6.3 kg. Australian Traditional Ale 
1.5 kg. Rye Malt 
0.10 kg. German CaraMunich II 
0.3 kg. Carapils
0.25 kg. German Wheat Malt Dark

Anyone know where i can get the rest in Brisbane?


----------



## Dunkel_Boy (6/4/05)

I've seen dark wheat at Annerley, might have caramunich too.
Unfortunately, you might have to get it shipped from one of the grain suppliers.


----------



## Hoops (6/4/05)

I will ask some of the guys at the HB club next thursday night, might have some ideas


----------



## Ray_Mills (6/4/05)

Hi
Its only 100 grams of Caramunich so use some crystal you have, Use normal wheat. You will not notice the difference.

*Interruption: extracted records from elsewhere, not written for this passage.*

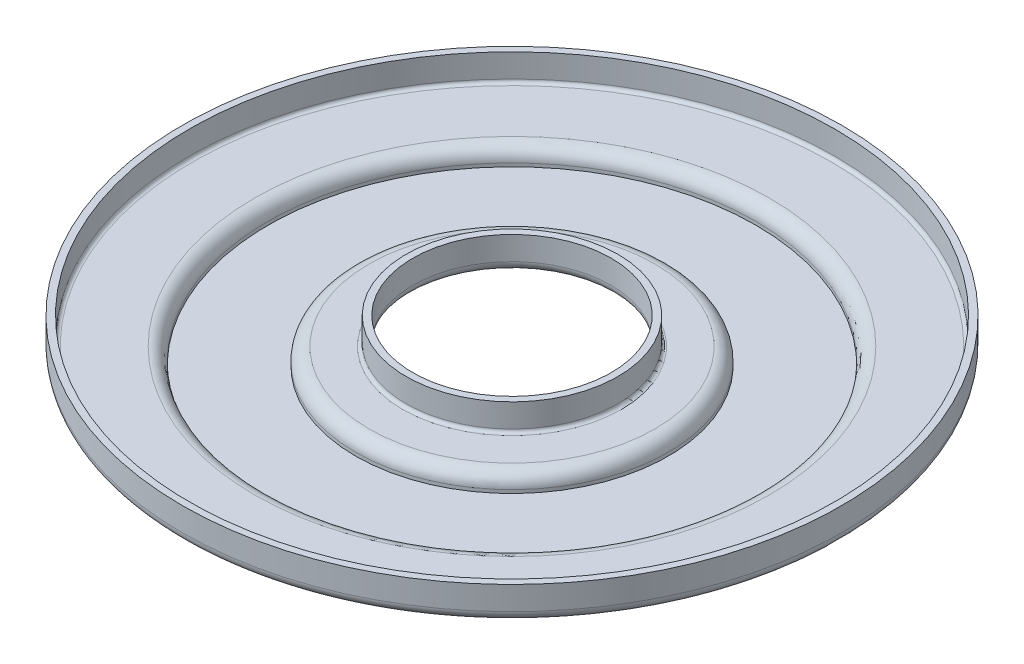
ISO-10303-21;
HEADER;
FILE_DESCRIPTION(('STEP AP214'),'2;1');
FILE_NAME('part.step','',(''),(''),'','','');
FILE_SCHEMA(('AUTOMOTIVE_DESIGN { 1 0 10303 214 1 1 1 1 }'));
ENDSEC;
DATA;
#1=APPLICATION_CONTEXT('core data for automotive mechanical design processes');
#2=APPLICATION_PROTOCOL_DEFINITION('international standard','automotive_design',2000,#1);
#3=PRODUCT_CONTEXT('',#1,'mechanical');
#4=PRODUCT('Part','Part','',(#3));
#5=PRODUCT_RELATED_PRODUCT_CATEGORY('part','',(#4));
#6=PRODUCT_DEFINITION_FORMATION('','',#4);
#7=PRODUCT_DEFINITION_CONTEXT('part definition',#1,'design');
#8=PRODUCT_DEFINITION('design','',#6,#7);
#9=PRODUCT_DEFINITION_SHAPE('','',#8);
#10=(LENGTH_UNIT() NAMED_UNIT(*) SI_UNIT(.MILLI.,.METRE.));
#11=(NAMED_UNIT(*) PLANE_ANGLE_UNIT() SI_UNIT($,.RADIAN.));
#12=(NAMED_UNIT(*) SI_UNIT($,.STERADIAN.) SOLID_ANGLE_UNIT());
#13=UNCERTAINTY_MEASURE_WITH_UNIT(LENGTH_MEASURE(1.E-05),#10,'distance_accuracy_value','');
#14=(GEOMETRIC_REPRESENTATION_CONTEXT(3) GLOBAL_UNCERTAINTY_ASSIGNED_CONTEXT((#13)) GLOBAL_UNIT_ASSIGNED_CONTEXT((#10,
#11,#12)) REPRESENTATION_CONTEXT('',''));
#15=CARTESIAN_POINT('',(0.,0.,0.));
#16=DIRECTION('',(0.,0.,1.));
#17=DIRECTION('',(1.,0.,0.));
#18=AXIS2_PLACEMENT_3D('',#15,#16,#17);
#19=CARTESIAN_POINT('',(0.,0.,0.));
#20=DIRECTION('',(0.,-1.,0.));
#21=DIRECTION('',(0.,0.,-1.));
#22=AXIS2_PLACEMENT_3D('',#19,#20,#21);
#23=CYLINDRICAL_SURFACE('',#22,98.);
#24=CARTESIAN_POINT('',(0.,15.,0.));
#25=DIRECTION('',(0.,-1.,0.));
#26=DIRECTION('',(0.,0.,-1.));
#27=AXIS2_PLACEMENT_3D('',#24,#25,#26);
#28=CIRCLE('',#27,98.);
#29=CARTESIAN_POINT('',(0.,15.,-98.));
#30=VERTEX_POINT('',#29);
#31=EDGE_CURVE('E10',#30,#30,#28,.T.);
#32=ORIENTED_EDGE('',*,*,#31,.T.);
#33=EDGE_LOOP('',(#32));
#34=FACE_BOUND('',#33,.T.);
#35=CARTESIAN_POINT('',(0.,8.00000000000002,0.));
#36=DIRECTION('',(0.,-1.,0.));
#37=DIRECTION('',(0.,0.,-1.));
#38=AXIS2_PLACEMENT_3D('',#35,#36,#37);
#39=CIRCLE('',#38,98.);
#40=CARTESIAN_POINT('',(0.,8.00000000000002,-98.));
#41=VERTEX_POINT('',#40);
#42=EDGE_CURVE('E117',#41,#41,#39,.T.);
#43=ORIENTED_EDGE('',*,*,#42,.F.);
#44=EDGE_LOOP('',(#43));
#45=FACE_BOUND('',#44,.T.);
#46=ADVANCED_FACE('F35',(#34,#45),#23,.T.);
#47=CARTESIAN_POINT('',(96.,15.,0.));
#48=DIRECTION('',(0.,-1.,0.));
#49=DIRECTION('',(0.,0.,-1.));
#50=AXIS2_PLACEMENT_3D('',#47,#48,#49);
#51=PLANE('',#50);
#52=ORIENTED_EDGE('',*,*,#31,.F.);
#53=EDGE_LOOP('',(#52));
#54=FACE_BOUND('',#53,.T.);
#55=CARTESIAN_POINT('',(0.,15.,0.));
#56=DIRECTION('',(0.,-1.,0.));
#57=DIRECTION('',(0.,0.,-1.));
#58=AXIS2_PLACEMENT_3D('',#55,#56,#57);
#59=CIRCLE('',#58,96.);
#60=CARTESIAN_POINT('',(0.,15.,-96.));
#61=VERTEX_POINT('',#60);
#62=EDGE_CURVE('E41',#61,#61,#59,.T.);
#63=ORIENTED_EDGE('',*,*,#62,.T.);
#64=EDGE_LOOP('',(#63));
#65=FACE_BOUND('',#64,.T.);
#66=ADVANCED_FACE('F125',(#54,#65),#51,.F.);
#67=CARTESIAN_POINT('',(0.,0.,0.));
#68=DIRECTION('',(0.,-1.,0.));
#69=DIRECTION('',(0.,0.,-1.));
#70=AXIS2_PLACEMENT_3D('',#67,#68,#69);
#71=CYLINDRICAL_SURFACE('',#70,96.);
#72=ORIENTED_EDGE('',*,*,#62,.F.);
#73=EDGE_LOOP('',(#72));
#74=FACE_BOUND('',#73,.T.);
#75=CARTESIAN_POINT('',(0.,8.00000000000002,0.));
#76=DIRECTION('',(0.,-1.,0.));
#77=DIRECTION('',(0.,0.,-1.));
#78=AXIS2_PLACEMENT_3D('',#75,#76,#77);
#79=CIRCLE('',#78,96.);
#80=CARTESIAN_POINT('',(0.,8.00000000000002,-96.));
#81=VERTEX_POINT('',#80);
#82=EDGE_CURVE('E45',#81,#81,#79,.T.);
#83=ORIENTED_EDGE('',*,*,#82,.T.);
#84=EDGE_LOOP('',(#83));
#85=FACE_BOUND('',#84,.T.);
#86=ADVANCED_FACE('F129',(#74,#85),#71,.F.);
#87=CARTESIAN_POINT('',(0.,8.,0.));
#88=DIRECTION('',(0.,-1.,0.));
#89=DIRECTION('',(0.,0.,-1.));
#90=AXIS2_PLACEMENT_3D('',#87,#88,#89);
#91=TOROIDAL_SURFACE('',#90,95.,1.);
#92=ORIENTED_EDGE('',*,*,#82,.F.);
#93=EDGE_LOOP('',(#92));
#94=FACE_BOUND('',#93,.T.);
#95=CARTESIAN_POINT('',(0.,7.,0.));
#96=DIRECTION('',(0.,-1.,0.));
#97=DIRECTION('',(0.,0.,-1.));
#98=AXIS2_PLACEMENT_3D('',#95,#96,#97);
#99=CIRCLE('',#98,95.);
#100=CARTESIAN_POINT('',(0.,7.,-95.));
#101=VERTEX_POINT('',#100);
#102=EDGE_CURVE('E49',#101,#101,#99,.T.);
#103=ORIENTED_EDGE('',*,*,#102,.T.);
#104=EDGE_LOOP('',(#103));
#105=FACE_BOUND('',#104,.T.);
#106=ADVANCED_FACE('F134',(#94,#105),#91,.F.);
#107=CARTESIAN_POINT('',(95.,7.,0.));
#108=DIRECTION('',(0.,-1.,0.));
#109=DIRECTION('',(0.,0.,-1.));
#110=AXIS2_PLACEMENT_3D('',#107,#108,#109);
#111=PLANE('',#110);
#112=ORIENTED_EDGE('',*,*,#102,.F.);
#113=EDGE_LOOP('',(#112));
#114=FACE_BOUND('',#113,.T.);
#115=CARTESIAN_POINT('',(0.,7.,0.));
#116=DIRECTION('',(0.,-1.,0.));
#117=DIRECTION('',(0.,0.,-1.));
#118=AXIS2_PLACEMENT_3D('',#115,#116,#117);
#119=CIRCLE('',#118,76.5);
#120=CARTESIAN_POINT('',(0.,7.,-76.5));
#121=VERTEX_POINT('',#120);
#122=EDGE_CURVE('E54',#121,#121,#119,.T.);
#123=ORIENTED_EDGE('',*,*,#122,.T.);
#124=EDGE_LOOP('',(#123));
#125=FACE_BOUND('',#124,.T.);
#126=ADVANCED_FACE('F140',(#114,#125),#111,.F.);
#127=CARTESIAN_POINT('',(0.,3.,0.));
#128=DIRECTION('',(0.,-1.,0.));
#129=DIRECTION('',(0.,0.,-1.));
#130=AXIS2_PLACEMENT_3D('',#127,#128,#129);
#131=TOROIDAL_SURFACE('',#130,76.5,4.);
#132=ORIENTED_EDGE('',*,*,#122,.F.);
#133=EDGE_LOOP('',(#132));
#134=FACE_BOUND('',#133,.T.);
#135=CARTESIAN_POINT('',(0.,2.99999999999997,0.));
#136=DIRECTION('',(0.,-1.,0.));
#137=DIRECTION('',(0.,0.,-1.));
#138=AXIS2_PLACEMENT_3D('',#135,#136,#137);
#139=CIRCLE('',#138,72.5);
#140=CARTESIAN_POINT('',(0.,2.99999999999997,-72.5));
#141=VERTEX_POINT('',#140);
#142=EDGE_CURVE('E57',#141,#141,#139,.T.);
#143=ORIENTED_EDGE('',*,*,#142,.T.);
#144=EDGE_LOOP('',(#143));
#145=FACE_BOUND('',#144,.T.);
#146=ADVANCED_FACE('F144',(#134,#145),#131,.T.);
#147=CARTESIAN_POINT('',(0.,0.,0.));
#148=DIRECTION('',(0.,-1.,0.));
#149=DIRECTION('',(0.,0.,-1.));
#150=AXIS2_PLACEMENT_3D('',#147,#148,#149);
#151=CYLINDRICAL_SURFACE('',#150,72.5);
#152=ORIENTED_EDGE('',*,*,#142,.F.);
#153=EDGE_LOOP('',(#152));
#154=FACE_BOUND('',#153,.T.);
#155=CARTESIAN_POINT('',(0.,2.,0.));
#156=DIRECTION('',(0.,-1.,0.));
#157=DIRECTION('',(0.,0.,-1.));
#158=AXIS2_PLACEMENT_3D('',#155,#156,#157);
#159=CIRCLE('',#158,72.5);
#160=CARTESIAN_POINT('',(0.,2.,-72.5));
#161=VERTEX_POINT('',#160);
#162=EDGE_CURVE('E60',#161,#161,#159,.T.);
#163=ORIENTED_EDGE('',*,*,#162,.T.);
#164=EDGE_LOOP('',(#163));
#165=FACE_BOUND('',#164,.T.);
#166=ADVANCED_FACE('F148',(#154,#165),#151,.F.);
#167=CARTESIAN_POINT('',(46.5,2.,0.));
#168=DIRECTION('',(0.,-1.,0.));
#169=DIRECTION('',(0.,0.,-1.));
#170=AXIS2_PLACEMENT_3D('',#167,#168,#169);
#171=PLANE('',#170);
#172=ORIENTED_EDGE('',*,*,#162,.F.);
#173=EDGE_LOOP('',(#172));
#174=FACE_BOUND('',#173,.T.);
#175=CARTESIAN_POINT('',(0.,2.,0.));
#176=DIRECTION('',(0.,-1.,0.));
#177=DIRECTION('',(0.,0.,-1.));
#178=AXIS2_PLACEMENT_3D('',#175,#176,#177);
#179=CIRCLE('',#178,46.5);
#180=CARTESIAN_POINT('',(0.,2.,-46.5));
#181=VERTEX_POINT('',#180);
#182=EDGE_CURVE('E63',#181,#181,#179,.T.);
#183=ORIENTED_EDGE('',*,*,#182,.T.);
#184=EDGE_LOOP('',(#183));
#185=FACE_BOUND('',#184,.T.);
#186=ADVANCED_FACE('F152',(#174,#185),#171,.F.);
#187=CARTESIAN_POINT('',(0.,0.,0.));
#188=DIRECTION('',(0.,-1.,0.));
#189=DIRECTION('',(0.,0.,-1.));
#190=AXIS2_PLACEMENT_3D('',#187,#188,#189);
#191=CYLINDRICAL_SURFACE('',#190,46.5);
#192=ORIENTED_EDGE('',*,*,#182,.F.);
#193=EDGE_LOOP('',(#192));
#194=FACE_BOUND('',#193,.T.);
#195=CARTESIAN_POINT('',(0.,2.99999999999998,0.));
#196=DIRECTION('',(0.,-1.,0.));
#197=DIRECTION('',(0.,0.,-1.));
#198=AXIS2_PLACEMENT_3D('',#195,#196,#197);
#199=CIRCLE('',#198,46.5);
#200=CARTESIAN_POINT('',(0.,2.99999999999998,-46.5));
#201=VERTEX_POINT('',#200);
#202=EDGE_CURVE('E66',#201,#201,#199,.T.);
#203=ORIENTED_EDGE('',*,*,#202,.T.);
#204=EDGE_LOOP('',(#203));
#205=FACE_BOUND('',#204,.T.);
#206=ADVANCED_FACE('F156',(#194,#205),#191,.T.);
#207=CARTESIAN_POINT('',(0.,2.99999999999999,0.));
#208=DIRECTION('',(0.,-1.,0.));
#209=DIRECTION('',(0.,0.,-1.));
#210=AXIS2_PLACEMENT_3D('',#207,#208,#209);
#211=TOROIDAL_SURFACE('',#210,42.5,4.);
#212=ORIENTED_EDGE('',*,*,#202,.F.);
#213=EDGE_LOOP('',(#212));
#214=FACE_BOUND('',#213,.T.);
#215=CARTESIAN_POINT('',(0.,6.99999999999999,0.));
#216=DIRECTION('',(0.,-1.,0.));
#217=DIRECTION('',(0.,0.,-1.));
#218=AXIS2_PLACEMENT_3D('',#215,#216,#217);
#219=CIRCLE('',#218,42.5);
#220=CARTESIAN_POINT('',(0.,6.99999999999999,-42.5));
#221=VERTEX_POINT('',#220);
#222=EDGE_CURVE('E69',#221,#221,#219,.T.);
#223=ORIENTED_EDGE('',*,*,#222,.T.);
#224=EDGE_LOOP('',(#223));
#225=FACE_BOUND('',#224,.T.);
#226=ADVANCED_FACE('F160',(#214,#225),#211,.T.);
#227=CARTESIAN_POINT('',(42.5,6.99999999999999,0.));
#228=DIRECTION('',(0.,-1.,0.));
#229=DIRECTION('',(0.,0.,-1.));
#230=AXIS2_PLACEMENT_3D('',#227,#228,#229);
#231=PLANE('',#230);
#232=ORIENTED_EDGE('',*,*,#222,.F.);
#233=EDGE_LOOP('',(#232));
#234=FACE_BOUND('',#233,.T.);
#235=CARTESIAN_POINT('',(0.,6.99999999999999,0.));
#236=DIRECTION('',(0.,-1.,0.));
#237=DIRECTION('',(0.,0.,-1.));
#238=AXIS2_PLACEMENT_3D('',#235,#236,#237);
#239=CIRCLE('',#238,32.5);
#240=CARTESIAN_POINT('',(0.,6.99999999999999,-32.5));
#241=VERTEX_POINT('',#240);
#242=EDGE_CURVE('E72',#241,#241,#239,.T.);
#243=ORIENTED_EDGE('',*,*,#242,.T.);
#244=EDGE_LOOP('',(#243));
#245=FACE_BOUND('',#244,.T.);
#246=ADVANCED_FACE('F164',(#234,#245),#231,.F.);
#247=CARTESIAN_POINT('',(0.,7.99999999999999,0.));
#248=DIRECTION('',(0.,-1.,0.));
#249=DIRECTION('',(0.,0.,-1.));
#250=AXIS2_PLACEMENT_3D('',#247,#248,#249);
#251=TOROIDAL_SURFACE('',#250,32.5,0.999999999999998);
#252=ORIENTED_EDGE('',*,*,#242,.F.);
#253=EDGE_LOOP('',(#252));
#254=FACE_BOUND('',#253,.T.);
#255=CARTESIAN_POINT('',(0.,8.,0.));
#256=DIRECTION('',(0.,-1.,0.));
#257=DIRECTION('',(0.,0.,-1.));
#258=AXIS2_PLACEMENT_3D('',#255,#256,#257);
#259=CIRCLE('',#258,31.5);
#260=CARTESIAN_POINT('',(0.,8.,-31.5));
#261=VERTEX_POINT('',#260);
#262=EDGE_CURVE('E75',#261,#261,#259,.T.);
#263=ORIENTED_EDGE('',*,*,#262,.T.);
#264=EDGE_LOOP('',(#263));
#265=FACE_BOUND('',#264,.T.);
#266=ADVANCED_FACE('F168',(#254,#265),#251,.F.);
#267=CARTESIAN_POINT('',(0.,0.,0.));
#268=DIRECTION('',(0.,-1.,0.));
#269=DIRECTION('',(0.,0.,-1.));
#270=AXIS2_PLACEMENT_3D('',#267,#268,#269);
#271=CYLINDRICAL_SURFACE('',#270,31.5);
#272=ORIENTED_EDGE('',*,*,#262,.F.);
#273=EDGE_LOOP('',(#272));
#274=FACE_BOUND('',#273,.T.);
#275=CARTESIAN_POINT('',(0.,15.,0.));
#276=DIRECTION('',(0.,-1.,0.));
#277=DIRECTION('',(0.,0.,-1.));
#278=AXIS2_PLACEMENT_3D('',#275,#276,#277);
#279=CIRCLE('',#278,31.5);
#280=CARTESIAN_POINT('',(0.,15.,-31.5));
#281=VERTEX_POINT('',#280);
#282=EDGE_CURVE('E78',#281,#281,#279,.T.);
#283=ORIENTED_EDGE('',*,*,#282,.T.);
#284=EDGE_LOOP('',(#283));
#285=FACE_BOUND('',#284,.T.);
#286=ADVANCED_FACE('F172',(#274,#285),#271,.T.);
#287=CARTESIAN_POINT('',(29.5,15.,0.));
#288=DIRECTION('',(0.,-1.,0.));
#289=DIRECTION('',(0.,0.,-1.));
#290=AXIS2_PLACEMENT_3D('',#287,#288,#289);
#291=PLANE('',#290);
#292=ORIENTED_EDGE('',*,*,#282,.F.);
#293=EDGE_LOOP('',(#292));
#294=FACE_BOUND('',#293,.T.);
#295=CARTESIAN_POINT('',(0.,15.,0.));
#296=DIRECTION('',(0.,-1.,0.));
#297=DIRECTION('',(0.,0.,-1.));
#298=AXIS2_PLACEMENT_3D('',#295,#296,#297);
#299=CIRCLE('',#298,29.5);
#300=CARTESIAN_POINT('',(0.,15.,-29.5));
#301=VERTEX_POINT('',#300);
#302=EDGE_CURVE('E81',#301,#301,#299,.T.);
#303=ORIENTED_EDGE('',*,*,#302,.T.);
#304=EDGE_LOOP('',(#303));
#305=FACE_BOUND('',#304,.T.);
#306=ADVANCED_FACE('F176',(#294,#305),#291,.F.);
#307=CARTESIAN_POINT('',(0.,0.,0.));
#308=DIRECTION('',(0.,-1.,0.));
#309=DIRECTION('',(0.,0.,-1.));
#310=AXIS2_PLACEMENT_3D('',#307,#308,#309);
#311=CYLINDRICAL_SURFACE('',#310,29.5);
#312=CARTESIAN_POINT('',(0.,8.00000000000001,0.));
#313=DIRECTION('',(0.,-1.,0.));
#314=DIRECTION('',(0.,0.,-1.));
#315=AXIS2_PLACEMENT_3D('',#312,#313,#314);
#316=CIRCLE('',#315,29.5);
#317=CARTESIAN_POINT('',(0.,8.00000000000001,-29.5));
#318=VERTEX_POINT('',#317);
#319=EDGE_CURVE('E84',#318,#318,#316,.T.);
#320=ORIENTED_EDGE('',*,*,#319,.T.);
#321=EDGE_LOOP('',(#320));
#322=FACE_BOUND('',#321,.T.);
#323=ORIENTED_EDGE('',*,*,#302,.F.);
#324=EDGE_LOOP('',(#323));
#325=FACE_BOUND('',#324,.T.);
#326=ADVANCED_FACE('F180',(#322,#325),#311,.F.);
#327=CARTESIAN_POINT('',(0.,7.99999999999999,0.));
#328=DIRECTION('',(0.,-1.,0.));
#329=DIRECTION('',(0.,0.,-1.));
#330=AXIS2_PLACEMENT_3D('',#327,#328,#329);
#331=TOROIDAL_SURFACE('',#330,32.5,3.);
#332=CARTESIAN_POINT('',(0.,4.99999999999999,0.));
#333=DIRECTION('',(0.,-1.,0.));
#334=DIRECTION('',(0.,0.,-1.));
#335=AXIS2_PLACEMENT_3D('',#332,#333,#334);
#336=CIRCLE('',#335,32.5);
#337=CARTESIAN_POINT('',(0.,4.99999999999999,-32.5));
#338=VERTEX_POINT('',#337);
#339=EDGE_CURVE('E87',#338,#338,#336,.T.);
#340=ORIENTED_EDGE('',*,*,#339,.T.);
#341=EDGE_LOOP('',(#340));
#342=FACE_BOUND('',#341,.T.);
#343=ORIENTED_EDGE('',*,*,#319,.F.);
#344=EDGE_LOOP('',(#343));
#345=FACE_BOUND('',#344,.T.);
#346=ADVANCED_FACE('F184',(#342,#345),#331,.T.);
#347=CARTESIAN_POINT('',(42.5,4.99999999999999,0.));
#348=DIRECTION('',(0.,-1.,0.));
#349=DIRECTION('',(0.,0.,-1.));
#350=AXIS2_PLACEMENT_3D('',#347,#348,#349);
#351=PLANE('',#350);
#352=CARTESIAN_POINT('',(0.,4.99999999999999,0.));
#353=DIRECTION('',(0.,-1.,0.));
#354=DIRECTION('',(0.,0.,-1.));
#355=AXIS2_PLACEMENT_3D('',#352,#353,#354);
#356=CIRCLE('',#355,42.5);
#357=CARTESIAN_POINT('',(0.,4.99999999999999,-42.5));
#358=VERTEX_POINT('',#357);
#359=EDGE_CURVE('E90',#358,#358,#356,.T.);
#360=ORIENTED_EDGE('',*,*,#359,.T.);
#361=EDGE_LOOP('',(#360));
#362=FACE_BOUND('',#361,.T.);
#363=ORIENTED_EDGE('',*,*,#339,.F.);
#364=EDGE_LOOP('',(#363));
#365=FACE_BOUND('',#364,.T.);
#366=ADVANCED_FACE('F188',(#362,#365),#351,.T.);
#367=CARTESIAN_POINT('',(0.,2.99999999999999,0.));
#368=DIRECTION('',(0.,-1.,0.));
#369=DIRECTION('',(0.,0.,-1.));
#370=AXIS2_PLACEMENT_3D('',#367,#368,#369);
#371=TOROIDAL_SURFACE('',#370,42.5,2.);
#372=CARTESIAN_POINT('',(0.,2.99999999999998,0.));
#373=DIRECTION('',(0.,-1.,0.));
#374=DIRECTION('',(0.,0.,-1.));
#375=AXIS2_PLACEMENT_3D('',#372,#373,#374);
#376=CIRCLE('',#375,44.5);
#377=CARTESIAN_POINT('',(0.,2.99999999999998,-44.5));
#378=VERTEX_POINT('',#377);
#379=EDGE_CURVE('E93',#378,#378,#376,.T.);
#380=ORIENTED_EDGE('',*,*,#379,.T.);
#381=EDGE_LOOP('',(#380));
#382=FACE_BOUND('',#381,.T.);
#383=ORIENTED_EDGE('',*,*,#359,.F.);
#384=EDGE_LOOP('',(#383));
#385=FACE_BOUND('',#384,.T.);
#386=ADVANCED_FACE('F192',(#382,#385),#371,.F.);
#387=CARTESIAN_POINT('',(0.,0.,0.));
#388=DIRECTION('',(0.,-1.,0.));
#389=DIRECTION('',(0.,0.,-1.));
#390=AXIS2_PLACEMENT_3D('',#387,#388,#389);
#391=CYLINDRICAL_SURFACE('',#390,44.5);
#392=CARTESIAN_POINT('',(0.,2.00000000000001,0.));
#393=DIRECTION('',(0.,-1.,0.));
#394=DIRECTION('',(0.,0.,-1.));
#395=AXIS2_PLACEMENT_3D('',#392,#393,#394);
#396=CIRCLE('',#395,44.5);
#397=CARTESIAN_POINT('',(0.,2.00000000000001,-44.5));
#398=VERTEX_POINT('',#397);
#399=EDGE_CURVE('E96',#398,#398,#396,.T.);
#400=ORIENTED_EDGE('',*,*,#399,.T.);
#401=EDGE_LOOP('',(#400));
#402=FACE_BOUND('',#401,.T.);
#403=ORIENTED_EDGE('',*,*,#379,.F.);
#404=EDGE_LOOP('',(#403));
#405=FACE_BOUND('',#404,.T.);
#406=ADVANCED_FACE('F196',(#402,#405),#391,.F.);
#407=CARTESIAN_POINT('',(0.,2.,0.));
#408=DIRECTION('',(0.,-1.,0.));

I dont know where you can get the Rye, Try ESB I think they have some.
Ray


----------



## Dunkel_Boy (6/4/05)

Was the two different AA levels of the halletau (3% and 5%) a mistake?
I was very happy with the halletau mittlefruh, I assume that's the stuff you use, that I got from ESB, but you've probably got the hops sorted.


----------



## Ross (6/4/05)

Quality Homebrew supplies at Underwood has Rye malt - just used some in my last porter...


+++

P.S. If I'm not travelling, I'll be there - will give you plenty of notice either way...


----------



## Dunkel_Boy (6/4/05)

Ross, the man with all the answers!


----------



## jgriffin (6/4/05)

Thanks Ross!

Oh and everyon who PM'd me, i'll get back to you all in a day or so when i get organised.


----------



## Ray_Mills (6/4/05)

Was the two different AA levels of the halletau (3% and 5%) a mistake?
I was very happy with the halletau mittlefruh, I assume that's the stuff you use, that I got from ESB, but you've probably got the hops sorted

It was what I had at the time in my hop stock
Cheers
Ray


----------



## Dunkel_Boy (6/4/05)

No worries, that explains it.


----------



## dreamboat (7/4/05)

Unfortunately I am out of town that weekend... 

Have a good day guys!




dreamboat


----------



## Snow (7/4/05)

John,

are you sure Tony doesn't have caramunich? I've bought it off him plenty of times in the last 6 months. He definitely has crystal wheat, which is quite dark (I bought some last week), so it would sub for dark crystal wheat no problems I would suspect.

- Snow


----------



## jgriffin (22/4/05)

I sent the following message to everyone who had PM'd me, however i think a few were missing, so if you haven't got one, please PM me for details.


----------



## Ray_Mills (22/4/05)

Hi
Ring the IBU's on the day and let us know how its all going
Ray
0403 340 374


----------



## mobrien (7/5/05)

Righto - the brew day is still going, but I had to leave - sorry guys!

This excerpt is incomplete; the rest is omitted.